Presented at WWW'15, Florence.
Gong Cheng, Danyun Xu, Yuzhong Qu. Summarizing Entity Descriptions for Effective and Efficient Human-centered Entity Linking. In Proceedings of the 24th International World Wide Web Conference (WWW), pages 184--194, 2015.
No Advance 8868886958 Chandigarh Call Girls , Indian Call Girls For Full Nigh...
Summarizing Entity Descriptions for Effective and Efficient Human-centered Entity Linking
1. Summarizing Entity Descriptions for
Effective and Efficient
Human-centered Entity Linking
Gong Cheng, Danyun Xu, Yuzhong Qu
Websoft Research Group
State Key Laboratory for Novel Software Technology
Nanjing University, China
2. Entity Linking (EL)
But with the release of the iPhone 6
and the 6 Plus phablet, Apple has finally
gone into big-screen territory, giving
Samsung a challenge in the category
that the company has been dominating
for some time now.
Text Knowledge Base
iPhone 6
- type: Smartphone
- ...
Samsung Electronics
- type: IT Company
- ...
Apple (Inc.)
- type: Company
- type: IT company
- product: iPhone 5
- ...
Apple (Fruit)
- type: Fruit
- genus: Malus
- ...
?
Candidate entities
3. Human-centered EL is needed
But with the release of the iPhone 6
and the 6 Plus phablet, Apple has finally
gone into big-screen territory, giving
Samsung a challenge in the category
that the company has been dominating
for some time now.
Text Knowledge Base
iPhone 6
- type: Smartphone
- ...
Samsung Electronics
- type: IT Company
- ...
Apple (Inc.)
- type: Company
- type: IT company
- product: iPhone 5
- ...
Apple (Fruit)
- type: Fruit
- genus: Malus
- ...
?
Candidate entities
• for defining gold standard,
• for crowdsourced EL.
4. entity description:
set of property-value pairs (called features)

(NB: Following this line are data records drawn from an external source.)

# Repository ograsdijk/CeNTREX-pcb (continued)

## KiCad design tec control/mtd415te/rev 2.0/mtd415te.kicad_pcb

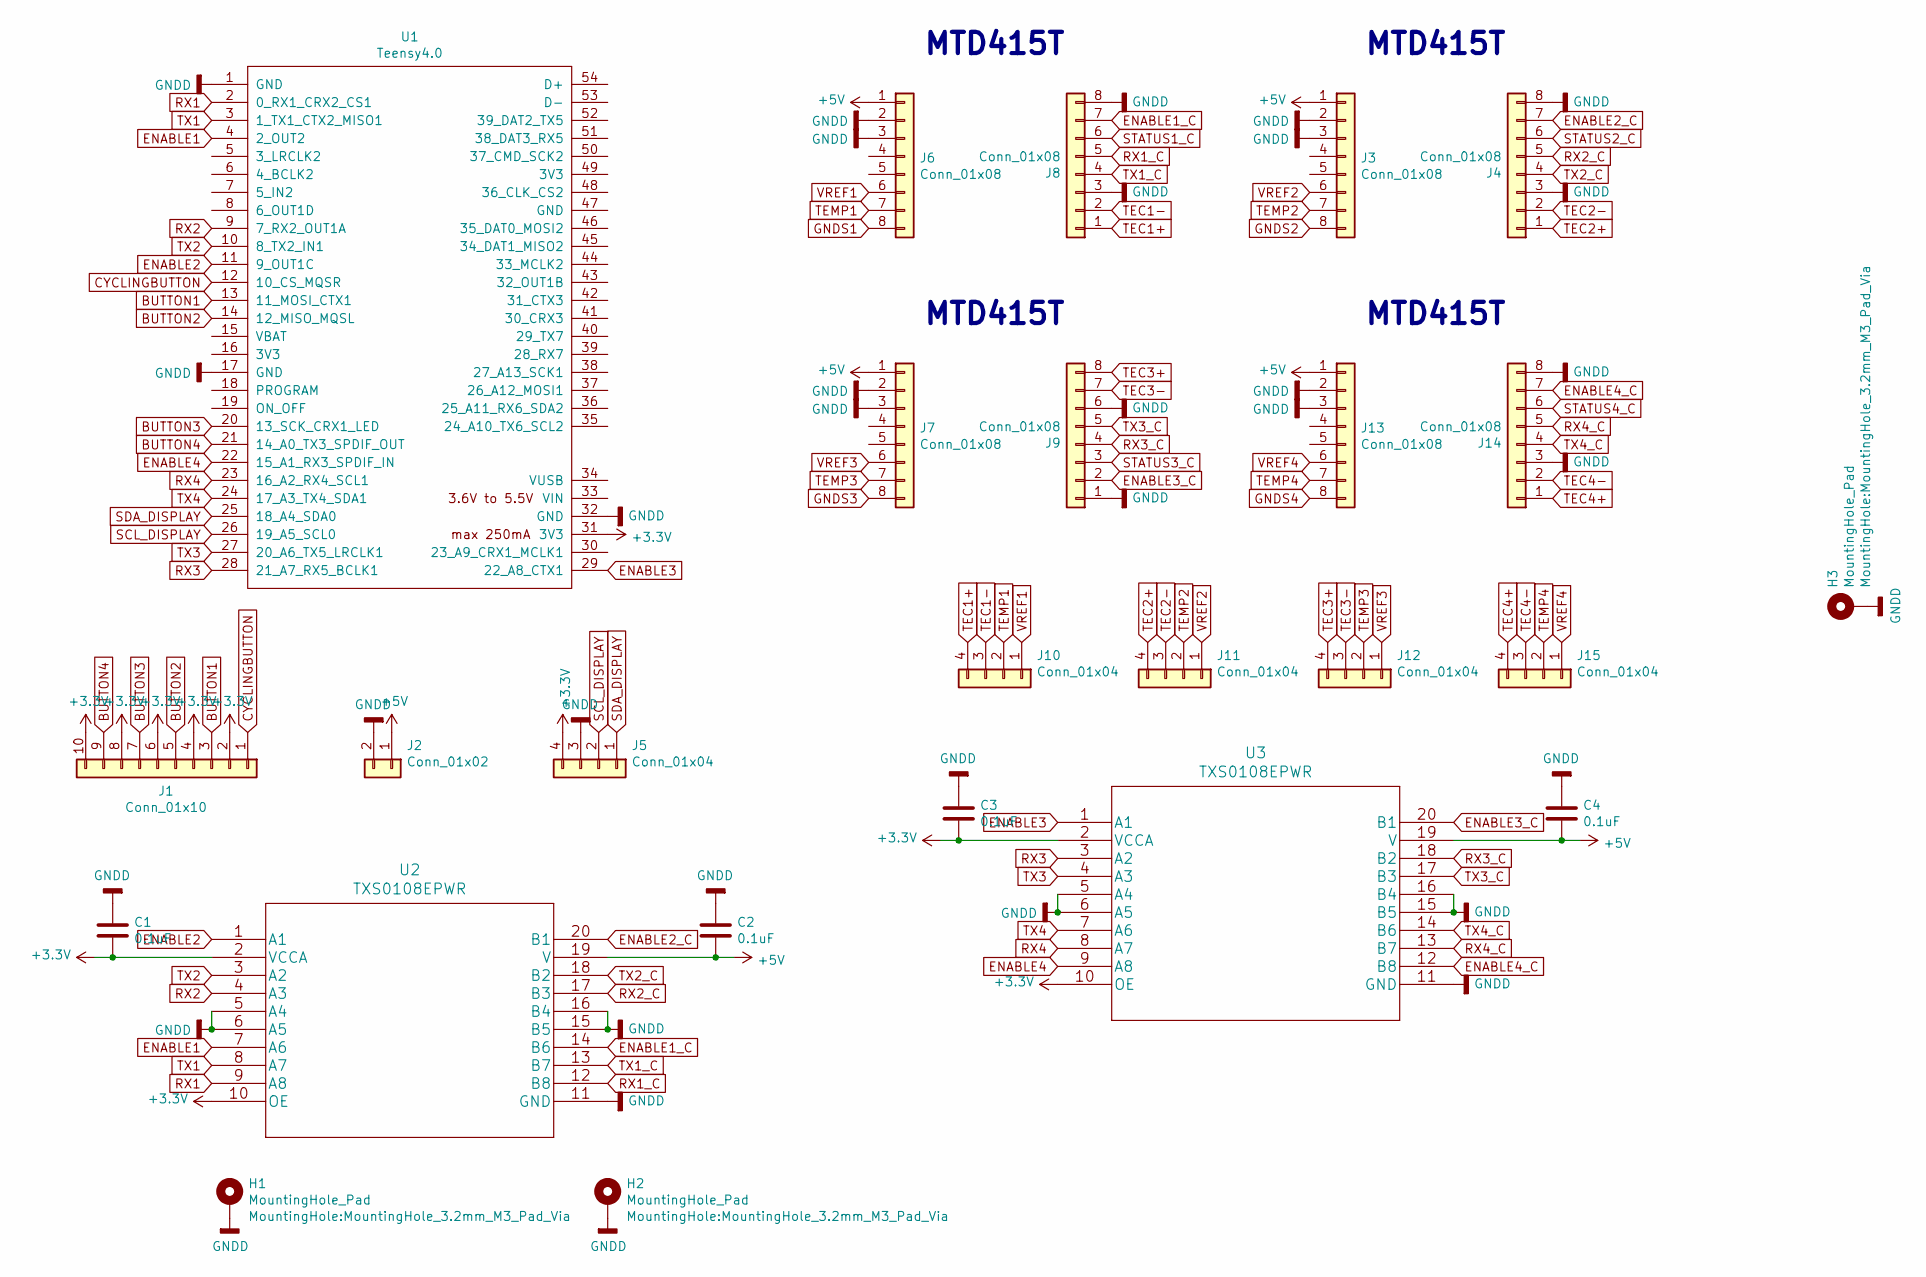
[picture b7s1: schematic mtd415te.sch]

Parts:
C1, C2, C3, C4: 0.1uF; C_0603_1608Metric
H1, H2, H3: MountingHole_Pad; MountingHole_3.2mm_M3_Pad_Via
J1: Conn_01x10; PinHeader_1x10_P2.54mm_Vertical
J2: Conn_01x02; TerminalBlock_RND_205-00001_1x02_P5.00mm_Horizontal
J3, J4, J6, J7, J8, J9, J13, J14: Conn_01x08; PinHeader_1x08_P2.54mm_Vertical
J5: Conn_01x04; PinHeader_1x04_P2.54mm_Vertical
J10, J11, J12, J15: Conn_01x04; TerminalBlock_RND_205-00003_1x04_P5.00mm_Horizontal
U1: Teensy4.0; Teensy40
U2, U3: TXS0108EPWR

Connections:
+3V3: C1.2, C3.2, J1.2, J1.4, J1.6, J1.8, J1.10, J5.4, U1.31 (3V3), U2.2 (VCCA), U2.10 (OE), U3.2 (VCCA), U3.10 (OE)
+5V: C2.2, C4.2, J2.1, J3.1, J6.1, J7.1, J13.1, U2.19 (V), U3.19 (V)
BUTTON1: J1.3, U1.13 (11_MOSI_CTX1)
BUTTON2: J1.5, U1.14 (12_MISO_MQSL)
BUTTON3: J1.7, U1.20 (13_SCK_CRX1_LED)
BUTTON4: J1.9, U1.21 (14_A0_TX3_SPDIF_OUT)
CYCLINGBUTTON: J1.1, U1.12 (10_CS_MQSR)
ENABLE1: U1.4 (2_OUT2), U2.7 (A6)
ENABLE1_C: J8.7, U2.14 (B6)
ENABLE2: U1.11 (9_OUT1C), U2.1 (A1)
ENABLE2_C: J4.7, U2.20 (B1)
ENABLE3: U1.29 (22_A8_CTX1), U3.1 (A1)
ENABLE3_C: J9.2, U3.20 (B1)
ENABLE4: U1.22 (15_A1_RX3_SPDIF_IN), U3.9 (A8)
ENABLE4_C: J14.7, U3.12 (B8)
GNDD: C1.1, C2.1, C3.1, C4.1, H1.1, H2.1, H3.1, J2.2, J3.2, J3.3, J4.3, J4.8, J5.3, J6.2, J6.3, J7.2, J7.3, J8.3, J8.8, J9.1, J9.6, J13.2, J13.3, J14.3, J14.8, U1.1 (GND), U1.17 (GND), U1.32 (GND), U2.5 (A4), U2.6 (A5), U2.11 (GND), U2.15 (B5), U2.16 (B4), U3.5 (A4), U3.6 (A5), U3.11 (GND), U3.15 (B5), U3.16 (B4)
GNDS1: J6.8
GNDS2: J3.8
GNDS3: J7.8
GNDS4: J13.8
RX1: U1.2 (0_RX1_CRX2_CS1), U2.9 (A8)
RX1_C: J8.5, U2.12 (B8)
RX2: U1.9 (7_RX2_OUT1A), U2.4 (A3)
RX2_C: J4.5, U2.17 (B3)
RX3: U1.28 (21_A7_RX5_BCLK1), U3.3 (A2)
RX3_C: J9.4, U3.18 (B2)
RX4: U1.23 (16_A2_RX4_SCL1), U3.8 (A7)
RX4_C: J14.5, U3.13 (B7)
SCL_DISPLAY: J5.2, U1.26 (19_A5_SCL0)
SDA_DISPLAY: J5.1, U1.25 (18_A4_SDA0)
STATUS1_C: J8.6
STATUS2_C: J4.6
STATUS3_C: J9.3
STATUS4_C: J14.6
TEC1+: J8.1, J10.4
TEC1-: J8.2, J10.3
TEC2+: J4.1, J11.4
TEC2-: J4.2, J11.3
TEC3+: J9.8, J12.4
TEC3-: J9.7, J12.3
TEC4+: J14.1, J15.4
TEC4-: J14.2, J15.3
TEMP1: J6.7, J10.2
TEMP2: J3.7, J11.2
TEMP3: J7.7, J12.2
TEMP4: J13.7, J15.2
TX1: U1.3 (1_TX1_CTX2_MISO1), U2.8 (A7)
TX1_C: J8.4, U2.13 (B7)
TX2: U1.10 (8_TX2_IN1), U2.3 (A2)
TX2_C: J4.4, U2.18 (B2)
TX3: U1.27 (20_A6_TX5_LRCLK1), U3.4 (A3)
TX3_C: J9.5, U3.17 (B3)
TX4: U1.24 (17_A3_TX4_SDA1), U3.7 (A6)
TX4_C: J14.4, U3.14 (B6)
VREF1: J6.6, J10.1
VREF2: J3.6, J11.1
VREF3: J7.6, J12.1
VREF4: J13.6, J15.1

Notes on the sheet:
MTD415T

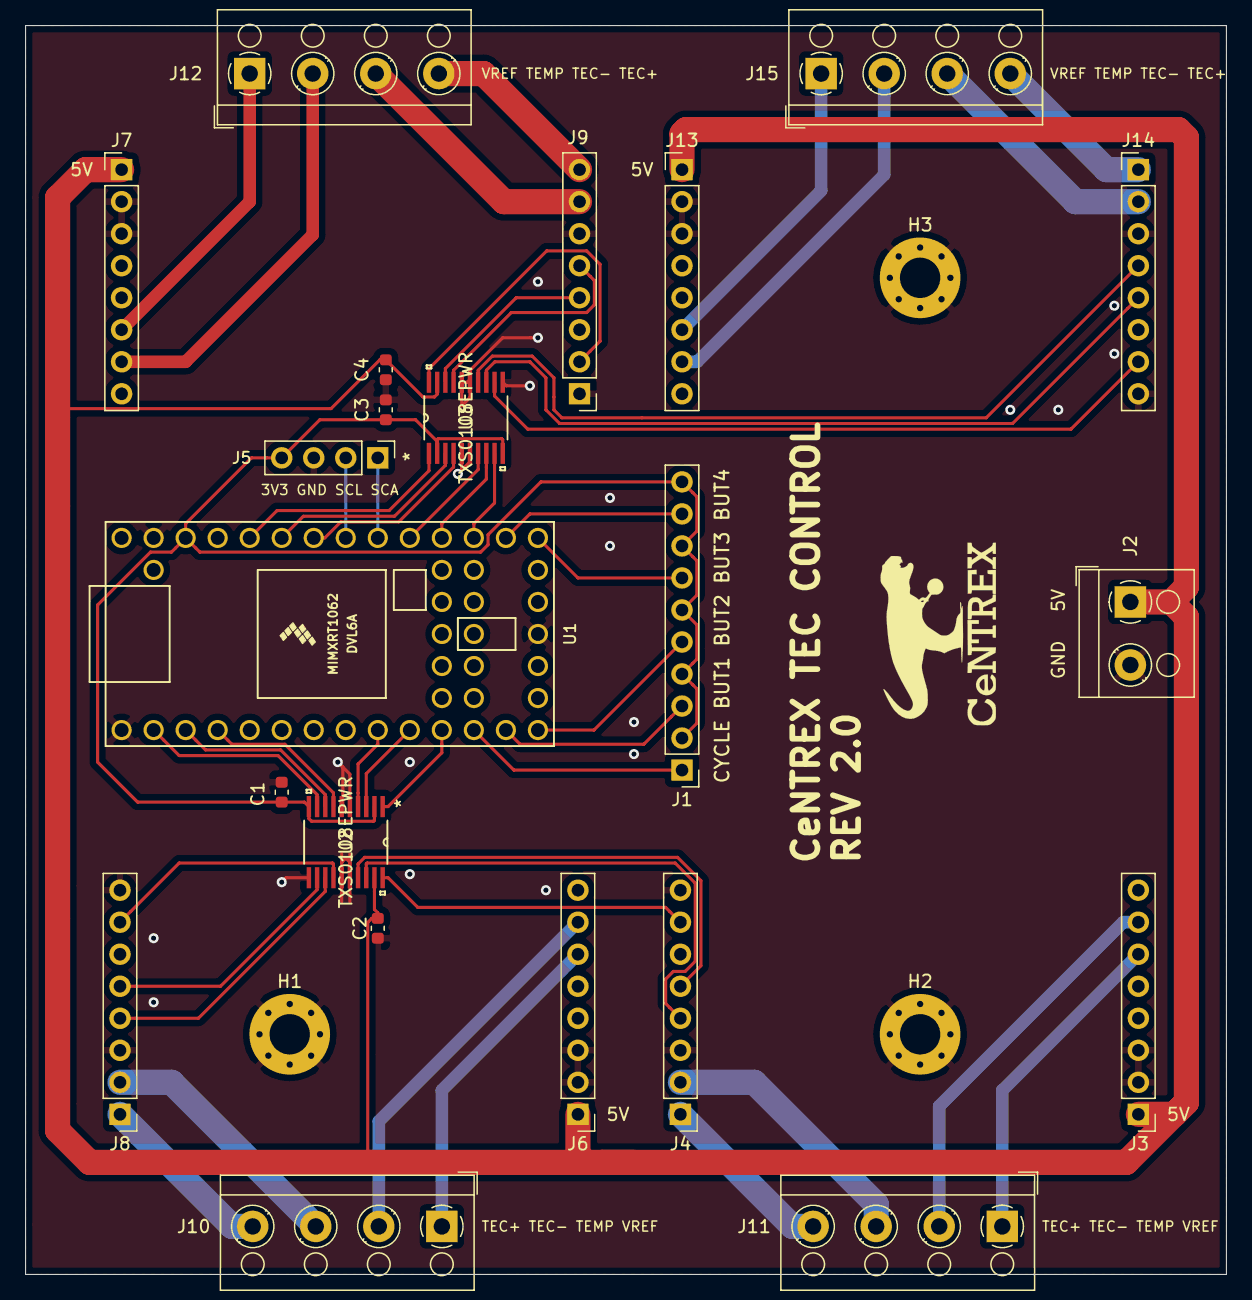
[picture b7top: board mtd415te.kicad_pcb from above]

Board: 2 copper layers, 95.3 x 99.1 mm, 26 parts (0 on the bottom side), 50 nets.

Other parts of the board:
 : CeNTREX logo

But with the release of the iPhone 6
and the 6 Plus phablet, Apple has finally
gone into big-screen territory, giving
Samsung a challenge in the category
that the company has been dominating
for some time now.
Text Knowledge Base
iPhone 6
- type: Smartphone
- ...
Samsung Electronics
- type: IT Company
- ...
Apple (Inc.)
- type: Company
- type: IT company
- product: iPhone 5
- ...
Apple (Fruit)
- type: Fruit
- genus: Malus
- ...
?
Candidate entities
6. Short, extractive summaries are
adequate for human-centered EL.
Apple (Inc.)
- type: Company
- product: iPhone 5
Apple (Corps)
- type: Company
- product: Let It Be
Apple (Fruit)
- type: Fruit
summary of k candidate entity descriptions: k subsets of features (subject to a length limit)
?… Apple
7. Short, extractive summaries are
adequate for human-centered EL.
Apple (Inc.)
- type: Company
- product: iPhone 5
Apple (Corps)
- type: Company
- product: Let It Be
Apple (Fruit)
- type: Fruit
?… Apple
summarizing entity descriptions combinatorial optimization
summary of k candidate entity descriptions: k subsets of features (subject to a length limit)
8. Optimization goal (1)
+characterizing power, -information overlap
• Characterizing power of a feature (ch)
ch(type: IT company) < ch(product: iPhone 5)
Apple (Inc.)
Samsung
Electronics
Apple (Inc.)
- type: Company
- type: IT company
- product: iPhone 5
- ...
9. Optimization goal (1)
+characterizing power, -information overlap
• Characterizing power of a feature (ch)
ch(type: IT company) < ch(product: iPhone 5)
Apple (Inc.)
Samsung
Electronics
𝑐ℎ 𝑓 = − log
number of entities having 𝑓
number of all entities
Apple (Inc.)
- type: Company
- type: IT company
- product: iPhone 5
- ...
10. Optimization goal (1)
+characterizing power, -information overlap
• Information overlap between features (ov)
a) logical inference
entailment = maximized ov
ov(type: IT company, type: Company) = MAX
b) string/numerical similarity
Apple (Inc.)
- type: Company
- type: IT company
- product: iPhone 5
- ...
11. Optimization goal (1)
+characterizing power, -information overlap
• Information overlap between features (ov)
a) logical inference
entailment maximized ov
ov(type: IT company, type: Company) = MAX
b) string/numerical similarity
Apple (Inc.)
- type: Company
- type: IT company
- product: iPhone 5
- ...
12. Optimization goal (1)
+characterizing power, -information overlap
• Information overlap between features (ov)
a) logical inference
entailment maximized ov
ov(type: IT company, type: Company) = MAX
b) string/numerical similarity
ov = max{similarity between properties, similarity between values}
ov(type: IT company, product: iPhone 5) = SMALL
Apple (Inc.)
- type: Company
- type: IT company
- product: iPhone 5
- ...
13. Optimization goal (1)
+characterizing power, -information overlap
• Formulated as k Quadratic Knapsack Problems (QKP)
weight of a feature: length
profit of a pair of features:
to maximize characterizing power
to minimize information overlap
14. Optimization goal (2): +differentiating power
• Differentiating power of a pair of features (di)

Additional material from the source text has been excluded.